→ **Given information**
☆ ☆ ☆ ☆ ☆
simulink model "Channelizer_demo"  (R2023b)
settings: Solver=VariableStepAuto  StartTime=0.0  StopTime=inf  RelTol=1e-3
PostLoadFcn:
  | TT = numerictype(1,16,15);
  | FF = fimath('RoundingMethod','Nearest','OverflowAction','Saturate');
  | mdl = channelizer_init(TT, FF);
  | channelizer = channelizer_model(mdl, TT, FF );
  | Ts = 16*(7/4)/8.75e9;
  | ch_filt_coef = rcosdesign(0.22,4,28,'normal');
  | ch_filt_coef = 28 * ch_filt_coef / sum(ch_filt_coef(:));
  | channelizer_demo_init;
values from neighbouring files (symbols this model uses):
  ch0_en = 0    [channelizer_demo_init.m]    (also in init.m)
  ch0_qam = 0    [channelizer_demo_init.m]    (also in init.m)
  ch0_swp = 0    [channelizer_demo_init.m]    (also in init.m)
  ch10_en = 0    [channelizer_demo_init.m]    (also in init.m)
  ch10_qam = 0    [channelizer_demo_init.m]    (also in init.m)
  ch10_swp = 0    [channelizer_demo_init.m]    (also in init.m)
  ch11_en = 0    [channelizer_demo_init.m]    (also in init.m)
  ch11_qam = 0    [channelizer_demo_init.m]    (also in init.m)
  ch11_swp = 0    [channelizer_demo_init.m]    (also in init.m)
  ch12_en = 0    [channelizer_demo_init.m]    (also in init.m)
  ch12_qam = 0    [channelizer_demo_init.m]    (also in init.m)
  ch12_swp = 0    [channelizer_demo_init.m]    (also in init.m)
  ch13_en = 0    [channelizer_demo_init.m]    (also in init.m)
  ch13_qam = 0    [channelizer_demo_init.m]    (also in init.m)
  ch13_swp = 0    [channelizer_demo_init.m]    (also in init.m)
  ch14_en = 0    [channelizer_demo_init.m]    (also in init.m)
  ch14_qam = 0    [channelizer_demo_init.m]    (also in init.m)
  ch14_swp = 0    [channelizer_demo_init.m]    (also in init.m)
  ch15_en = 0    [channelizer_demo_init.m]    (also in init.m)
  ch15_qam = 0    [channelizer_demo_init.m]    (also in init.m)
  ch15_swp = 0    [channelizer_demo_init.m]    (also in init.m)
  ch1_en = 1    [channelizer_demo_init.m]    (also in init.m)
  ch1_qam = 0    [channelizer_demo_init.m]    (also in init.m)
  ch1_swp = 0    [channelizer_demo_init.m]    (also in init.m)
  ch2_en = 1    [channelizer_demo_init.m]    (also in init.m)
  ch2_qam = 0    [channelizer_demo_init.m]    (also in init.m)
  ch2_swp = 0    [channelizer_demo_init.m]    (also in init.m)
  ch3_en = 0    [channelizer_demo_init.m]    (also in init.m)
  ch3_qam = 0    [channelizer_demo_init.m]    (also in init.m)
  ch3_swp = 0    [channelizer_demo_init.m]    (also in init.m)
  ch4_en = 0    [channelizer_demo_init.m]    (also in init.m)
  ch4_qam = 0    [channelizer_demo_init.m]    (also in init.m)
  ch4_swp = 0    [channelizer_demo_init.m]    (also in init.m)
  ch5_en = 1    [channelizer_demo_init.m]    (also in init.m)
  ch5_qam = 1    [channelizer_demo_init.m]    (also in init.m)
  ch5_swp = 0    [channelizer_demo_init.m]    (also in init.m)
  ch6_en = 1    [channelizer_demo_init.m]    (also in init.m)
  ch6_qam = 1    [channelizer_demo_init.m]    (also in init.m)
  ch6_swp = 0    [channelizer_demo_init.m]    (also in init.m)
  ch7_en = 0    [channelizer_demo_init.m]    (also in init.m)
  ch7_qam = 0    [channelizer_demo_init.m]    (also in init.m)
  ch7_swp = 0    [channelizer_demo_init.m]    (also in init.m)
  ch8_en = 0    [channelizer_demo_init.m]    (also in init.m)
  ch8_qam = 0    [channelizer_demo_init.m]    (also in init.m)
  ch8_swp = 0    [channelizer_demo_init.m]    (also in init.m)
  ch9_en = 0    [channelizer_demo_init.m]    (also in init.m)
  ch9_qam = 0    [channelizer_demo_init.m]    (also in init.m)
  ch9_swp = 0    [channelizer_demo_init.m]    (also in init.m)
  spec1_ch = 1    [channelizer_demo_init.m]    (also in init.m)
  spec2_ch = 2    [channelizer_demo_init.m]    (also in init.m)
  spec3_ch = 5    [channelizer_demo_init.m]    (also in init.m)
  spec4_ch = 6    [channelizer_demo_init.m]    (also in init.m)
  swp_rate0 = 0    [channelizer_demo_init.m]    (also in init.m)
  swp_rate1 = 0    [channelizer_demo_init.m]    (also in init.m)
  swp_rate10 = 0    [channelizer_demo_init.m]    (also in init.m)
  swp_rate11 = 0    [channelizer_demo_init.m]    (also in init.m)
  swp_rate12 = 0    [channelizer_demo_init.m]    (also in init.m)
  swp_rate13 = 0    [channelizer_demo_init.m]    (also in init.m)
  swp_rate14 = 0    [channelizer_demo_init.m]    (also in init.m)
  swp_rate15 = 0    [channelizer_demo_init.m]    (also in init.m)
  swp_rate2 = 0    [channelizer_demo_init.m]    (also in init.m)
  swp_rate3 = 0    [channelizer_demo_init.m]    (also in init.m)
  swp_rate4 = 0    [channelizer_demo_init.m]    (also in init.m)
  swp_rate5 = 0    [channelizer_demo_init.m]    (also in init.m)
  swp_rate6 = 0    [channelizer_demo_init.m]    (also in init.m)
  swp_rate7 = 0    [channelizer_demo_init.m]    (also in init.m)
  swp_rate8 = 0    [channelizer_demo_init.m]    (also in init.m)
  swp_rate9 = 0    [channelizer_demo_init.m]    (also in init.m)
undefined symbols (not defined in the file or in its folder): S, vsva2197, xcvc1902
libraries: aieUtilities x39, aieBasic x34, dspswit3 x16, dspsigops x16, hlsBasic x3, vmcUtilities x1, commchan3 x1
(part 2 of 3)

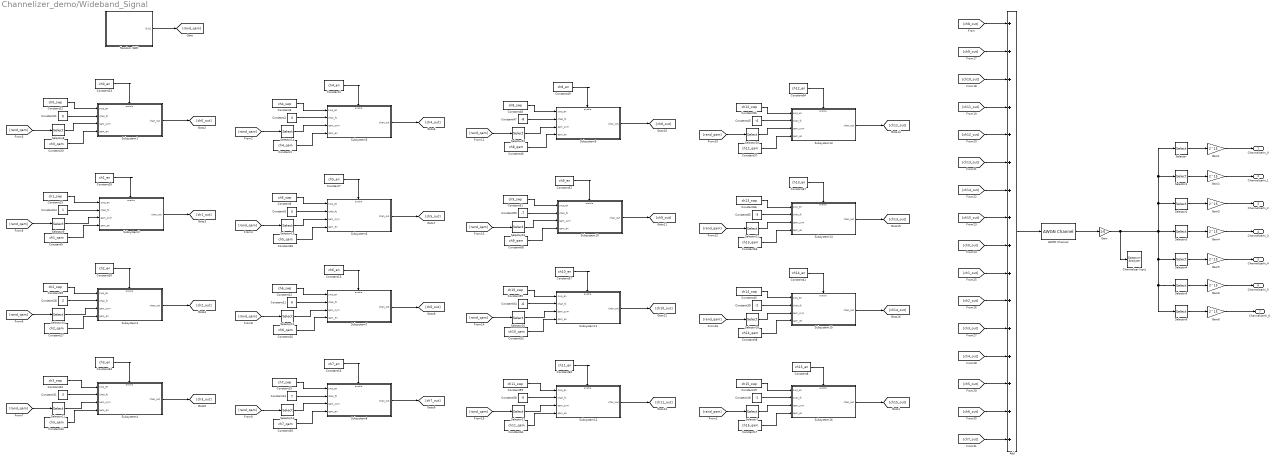
== system Channelizer_demo/Wideband_Signal ==
  AWGN Channel : commchan3/AWGN Channel  LegacyMode=off  NoiseMethod="Signal to noise ratio  (SNR)"  noiseMode="Signal to noise ratio  (SNR)"  EbNo=10  EsNo=10  SNR=20  BitsPerSymbol=1  SignalPower=1  SamplesPerSymbol=1  SymbolPeriod=1  VarianceSource=Input port  Variance=1  RandomStream=Global stream  Seed=67  SimulateUsing=Code generation
  Add : Sum  Inputs=++++++++++++++++
  Channelizer Input : SpectrumAnalyzer  WindowPosition=[1292.000000,660.000000,692.000000,728.000000,]  Visible=on  ScopeFrameLocation=window  SpectrumType=Power density  ViewType=Spectrum and spectrogram  Span=8750000000  StartFrequency=-4375000000  StopFrequency=4375000000  ForgettingFactor=0.4  SpectrumUnits=dBm/Hz  YLimits=[-116.30138229,-48.05166484]  ColorLimits=[-116.30138229,-48.05166484]
  Constant1 : Constant  Value=ch4_qam  SampleTime=-1
  Constant10 : Constant  Value=ch6_qam  SampleTime=-1
  Constant11 : Constant  Value=6  SampleTime=-1
  Constant12 : Constant  Value=ch6_swp  SampleTime=-1
  Constant13 : Constant  Value=ch6_en  SampleTime=-1
  Constant14 : Constant  Value=7  SampleTime=-1
  Constant15 : Constant  Value=ch7_swp  SampleTime=-1
  Constant16 : Constant  Value=ch7_en  SampleTime=-1
  Constant17 : Constant  Value=ch15_qam  SampleTime=-1
  Constant18 : Constant  Value=-1  SampleTime=-1
  Constant19 : Constant  Value=ch15_swp  SampleTime=-1
  Constant2 : Constant  Value=4  SampleTime=-1
  Constant20 : Constant  Value=ch0_qam  SampleTime=-1
  Constant21 : Constant  Value=0  SampleTime=-1
  Constant22 : Constant  Value=ch0_swp  SampleTime=-1
  Constant23 : Constant  Value=ch0_en  SampleTime=-1
  Constant24 : Constant  SampleTime=-1
  Constant25 : Constant  Value=ch1_swp  SampleTime=-1
  Constant26 : Constant  Value=ch1_en  SampleTime=-1
  Constant27 : Constant  Value=ch2_qam  SampleTime=-1
  Constant28 : Constant  Value=2  SampleTime=-1
  Constant29 : Constant  Value=ch2_swp  SampleTime=-1
  Constant3 : Constant  Value=ch4_swp  SampleTime=-1
  Constant30 : Constant  Value=ch2_en  SampleTime=-1
  Constant31 : Constant  Value=3  SampleTime=-1
  Constant32 : Constant  Value=ch3_swp  SampleTime=-1
  Constant33 : Constant  Value=ch3_en  SampleTime=-1
  Constant34 : Constant  Value=ch3_qam  SampleTime=-1
  Constant35 : Constant  Value=ch7_qam  SampleTime=-1
  Constant36 : Constant  Value=ch5_qam  SampleTime=-1
  Constant37 : Constant  Value=ch12_qam  SampleTime=-1
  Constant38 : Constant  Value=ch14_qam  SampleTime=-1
☆ ☆ ☆ ☆ ☆
What should appear is an exact copy of the lines from the one with "Constant21 : Constant" through the end of the entries above, ends included, and no other text.

  Constant21 : Constant  Value=0  SampleTime=-1
  Constant22 : Constant  Value=ch0_swp  SampleTime=-1
  Constant23 : Constant  Value=ch0_en  SampleTime=-1
  Constant24 : Constant  SampleTime=-1
  Constant25 : Constant  Value=ch1_swp  SampleTime=-1
  Constant26 : Constant  Value=ch1_en  SampleTime=-1
  Constant27 : Constant  Value=ch2_qam  SampleTime=-1
  Constant28 : Constant  Value=2  SampleTime=-1
  Constant29 : Constant  Value=ch2_swp  SampleTime=-1
  Constant3 : Constant  Value=ch4_swp  SampleTime=-1
  Constant30 : Constant  Value=ch2_en  SampleTime=-1
  Constant31 : Constant  Value=3  SampleTime=-1
  Constant32 : Constant  Value=ch3_swp  SampleTime=-1
  Constant33 : Constant  Value=ch3_en  SampleTime=-1
  Constant34 : Constant  Value=ch3_qam  SampleTime=-1
  Constant35 : Constant  Value=ch7_qam  SampleTime=-1
  Constant36 : Constant  Value=ch5_qam  SampleTime=-1
  Constant37 : Constant  Value=ch12_qam  SampleTime=-1
  Constant38 : Constant  Value=ch14_qam  SampleTime=-1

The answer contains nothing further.